Even when using existing aircraft for this mission, various modifications are necessary, according to Duffey. An August 2024 study said aircraft like the Boeing 777F would have to be modified to install insulated double-walled pressurised tanks to ensure the safe transport of aerosols and maintain the desired temperature during flight.
Time-, cost-effective
The new study’s researchers simulated various particle-injection strategies. Using the UK’s Earth System Model 1 (UKESM1), a computer model of the climate, they simulated the “spraying” of sulphur dioxide at different altitudes, latitudes, and seasons.
The team found that injecting 12 million tonnes of sulphur dioxide every year at an altitude of 13 km in the local spring and summer seasons of each hemisphere could cool the planet by approximately 0.6º C. The spray quantity is comparable to the amount added to the atmosphere by the Mount Pinatubo volcano in 1991.
For cooling by 1º C, their models suggested spraying 21 million tonnes of sulphur dioxide a year. If the particles were injected at an even higher altitude in the subtropics, only 7.6 million tonnes would be required annually to achieve the same effect.
An added advantage is that this technique could begin sooner than conventional higher altitude methods because designing and building specialised aircraft meant for flying 20 km and above requires almost a decade and several billion dollars in capital expenses. Modifying existing aircraft can be faster and cheaper.
Is it worth the risk?
But while there are some benefits to this method, using three times the usual amount of aerosols carries greater risk. “There are lots of important risks and side-effects related to SAI, including social and geopolitical risks, as well as direct side-effects such as delayed recovery of the ozone hole and acid rain,” Duffey said.

The cooling effect will also be more pronounced in polar regions rather than in the tropics, where warming is more severe.
Duffey also stressed that the cooling effect wouldn’t reverse climate change.
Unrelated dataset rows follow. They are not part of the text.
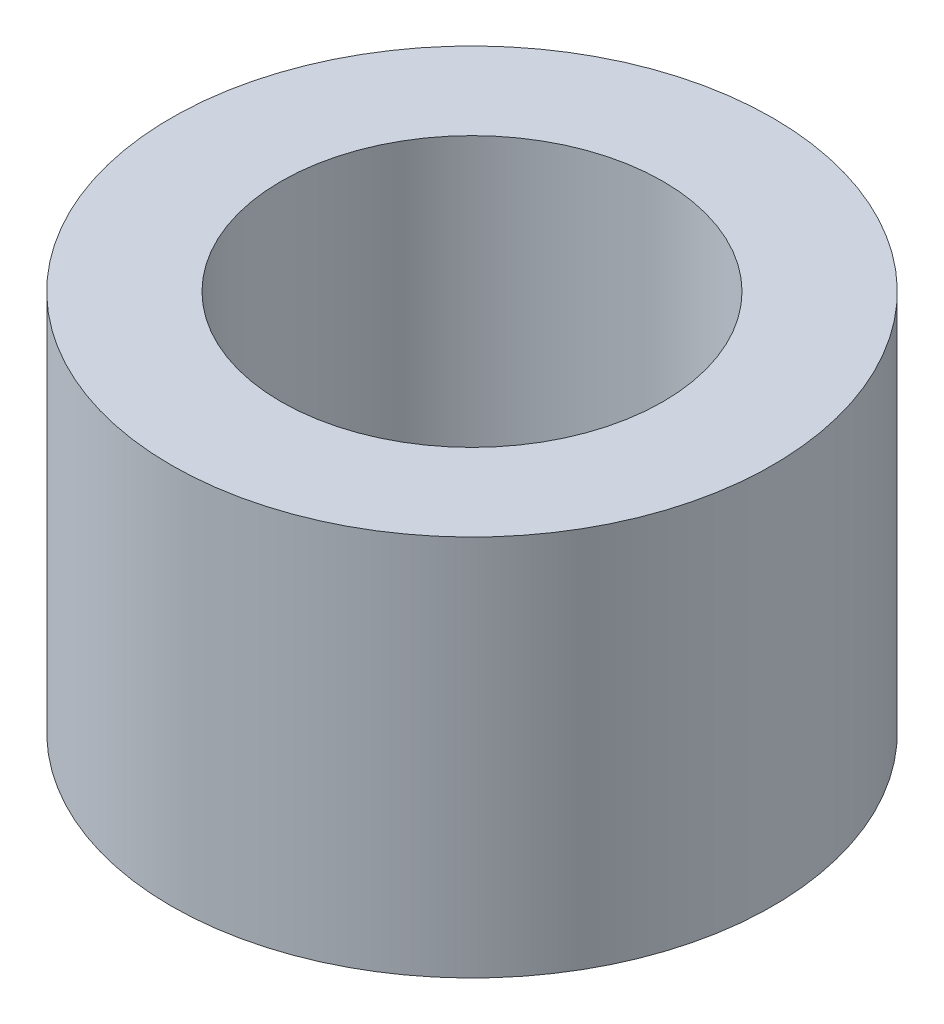
ISO-10303-21;
HEADER;
FILE_DESCRIPTION(('STEP AP214'),'2;1');
FILE_NAME('part.step','',(''),(''),'','','');
FILE_SCHEMA(('AUTOMOTIVE_DESIGN { 1 0 10303 214 1 1 1 1 }'));
ENDSEC;
DATA;
#1=APPLICATION_CONTEXT('core data for automotive mechanical design processes');
#2=APPLICATION_PROTOCOL_DEFINITION('international standard','automotive_design',2000,#1);
#3=PRODUCT_CONTEXT('',#1,'mechanical');
#4=PRODUCT('Part','Part','',(#3));
#5=PRODUCT_RELATED_PRODUCT_CATEGORY('part','',(#4));
#6=PRODUCT_DEFINITION_FORMATION('','',#4);
#7=PRODUCT_DEFINITION_CONTEXT('part definition',#1,'design');
#8=PRODUCT_DEFINITION('design','',#6,#7);
#9=PRODUCT_DEFINITION_SHAPE('','',#8);
#10=(LENGTH_UNIT() NAMED_UNIT(*) SI_UNIT(.MILLI.,.METRE.));
#11=(NAMED_UNIT(*) PLANE_ANGLE_UNIT() SI_UNIT($,.RADIAN.));
#12=(NAMED_UNIT(*) SI_UNIT($,.STERADIAN.) SOLID_ANGLE_UNIT());
#13=UNCERTAINTY_MEASURE_WITH_UNIT(LENGTH_MEASURE(1.E-05),#10,'distance_accuracy_value','');
#14=(GEOMETRIC_REPRESENTATION_CONTEXT(3) GLOBAL_UNCERTAINTY_ASSIGNED_CONTEXT((#13)) GLOBAL_UNIT_ASSIGNED_CONTEXT((#10,
#11,#12)) REPRESENTATION_CONTEXT('',''));
#15=CARTESIAN_POINT('',(0.,0.,0.));
#16=DIRECTION('',(0.,0.,1.));
#17=DIRECTION('',(1.,0.,0.));
#18=AXIS2_PLACEMENT_3D('',#15,#16,#17);
#19=CARTESIAN_POINT('',(2.,4.,0.));
#20=DIRECTION('',(0.,1.,0.));
#21=DIRECTION('',(0.,0.,1.));
#22=AXIS2_PLACEMENT_3D('',#19,#20,#21);
#23=PLANE('',#22);
#24=CARTESIAN_POINT('',(0.,4.,0.));
#25=DIRECTION('',(0.,-1.,0.));
#26=DIRECTION('',(0.,0.,-1.));
#27=AXIS2_PLACEMENT_3D('',#24,#25,#26);
#28=CIRCLE('',#27,2.);
#29=CARTESIAN_POINT('',(0.,4.,-2.));
#30=VERTEX_POINT('',#29);
#31=EDGE_CURVE('E49',#30,#30,#28,.T.);
#32=ORIENTED_EDGE('',*,*,#31,.T.);
#33=EDGE_LOOP('',(#32));
#34=FACE_BOUND('',#33,.T.);
#35=CARTESIAN_POINT('',(0.,4.,0.));
#36=DIRECTION('',(0.,-1.,0.));
#37=DIRECTION('',(0.,0.,-1.));
#38=AXIS2_PLACEMENT_3D('',#35,#36,#37);
#39=CIRCLE('',#38,3.15);
#40=CARTESIAN_POINT('',(0.,4.,-3.15));
#41=VERTEX_POINT('',#40);
#42=EDGE_CURVE('E10',#41,#41,#39,.T.);
#43=ORIENTED_EDGE('',*,*,#42,.F.);
#44=EDGE_LOOP('',(#43));
#45=FACE_BOUND('',#44,.T.);
#46=ADVANCED_FACE('F35',(#34,#45),#23,.T.);
#47=CARTESIAN_POINT('',(0.,0.,0.));
#48=DIRECTION('',(0.,-1.,0.));
#49=DIRECTION('',(0.,0.,-1.));
#50=AXIS2_PLACEMENT_3D('',#47,#48,#49);
#51=CYLINDRICAL_SURFACE('',#50,3.15);
#52=ORIENTED_EDGE('',*,*,#42,.T.);
#53=EDGE_LOOP('',(#52));
#54=FACE_BOUND('',#53,.T.);
#55=CARTESIAN_POINT('',(0.,0.,0.));
#56=DIRECTION('',(0.,-1.,0.));
#57=DIRECTION('',(0.,0.,-1.));
#58=AXIS2_PLACEMENT_3D('',#55,#56,#57);
#59=CIRCLE('',#58,3.15);
#60=CARTESIAN_POINT('',(0.,0.,-3.15));
#61=VERTEX_POINT('',#60);
#62=EDGE_CURVE('E41',#61,#61,#59,.T.);
#63=ORIENTED_EDGE('',*,*,#62,.F.);
#64=EDGE_LOOP('',(#63));
#65=FACE_BOUND('',#64,.T.);
#66=ADVANCED_FACE('F65',(#54,#65),#51,.T.);
#67=CARTESIAN_POINT('',(3.15,0.,0.));
#68=DIRECTION('',(0.,-1.,0.));
#69=DIRECTION('',(0.,0.,-1.));
#70=AXIS2_PLACEMENT_3D('',#67,#68,#69);
#71=PLANE('',#70);
#72=ORIENTED_EDGE('',*,*,#62,.T.);
#73=EDGE_LOOP('',(#72));
#74=FACE_BOUND('',#73,.T.);
#75=CARTESIAN_POINT('',(0.,0.,0.));
#76=DIRECTION('',(0.,-1.,0.));
#77=DIRECTION('',(0.,0.,-1.));
#78=AXIS2_PLACEMENT_3D('',#75,#76,#77);
#79=CIRCLE('',#78,2.);
#80=CARTESIAN_POINT('',(0.,0.,-2.));
#81=VERTEX_POINT('',#80);
#82=EDGE_CURVE('E45',#81,#81,#79,.T.);
#83=ORIENTED_EDGE('',*,*,#82,.F.);
#84=EDGE_LOOP('',(#83));
#85=FACE_BOUND('',#84,.T.);
#86=ADVANCED_FACE('F59',(#74,#85),#71,.T.);
#87=CARTESIAN_POINT('',(0.,0.,0.));
#88=DIRECTION('',(0.,-1.,0.));
#89=DIRECTION('',(0.,0.,-1.));
#90=AXIS2_PLACEMENT_3D('',#87,#88,#89);
#91=CYLINDRICAL_SURFACE('',#90,2.);
#92=ORIENTED_EDGE('',*,*,#82,.T.);
#93=EDGE_LOOP('',(#92));
#94=FACE_BOUND('',#93,.T.);
#95=ORIENTED_EDGE('',*,*,#31,.F.);
#96=EDGE_LOOP('',(#95));
#97=FACE_BOUND('',#96,.T.);
#98=ADVANCED_FACE('F57',(#94,#97),#91,.F.);
#99=CLOSED_SHELL('',(#46,#66,#86,#98));
#100=MANIFOLD_SOLID_BREP('B2',#99);
#101=ADVANCED_BREP_SHAPE_REPRESENTATION('',(#18,#100),#14);
#102=SHAPE_DEFINITION_REPRESENTATION(#9,#101);
ENDSEC;
END-ISO-10303-21;

The cooling may also have some other ecological effects but it would also introduce new challenges. As The Hindu reported recently, the cooling could mask warming on the ground and make countries complacent about curtailing emissions.
SAI is also controversial because its effects are global: if one country injects aerosols into the stratosphere, all countries will be affected and not always in a good way. In 2021, the US National Academies of Sciences, Engineering, and Medicine recommended the US government fund solar geoengineering research with a focus on transparency. But a year later, an international coalition of scholars called for a moratorium on solar geoengineering R&D because the technology is “ungovernable in a fair, democratic and effective manner”.
Duffey also said the team’s results were limited by the number of simulations they conducted and that they’re working on a better follow-up study.
Shreejaya Karantha is a freelance science writer.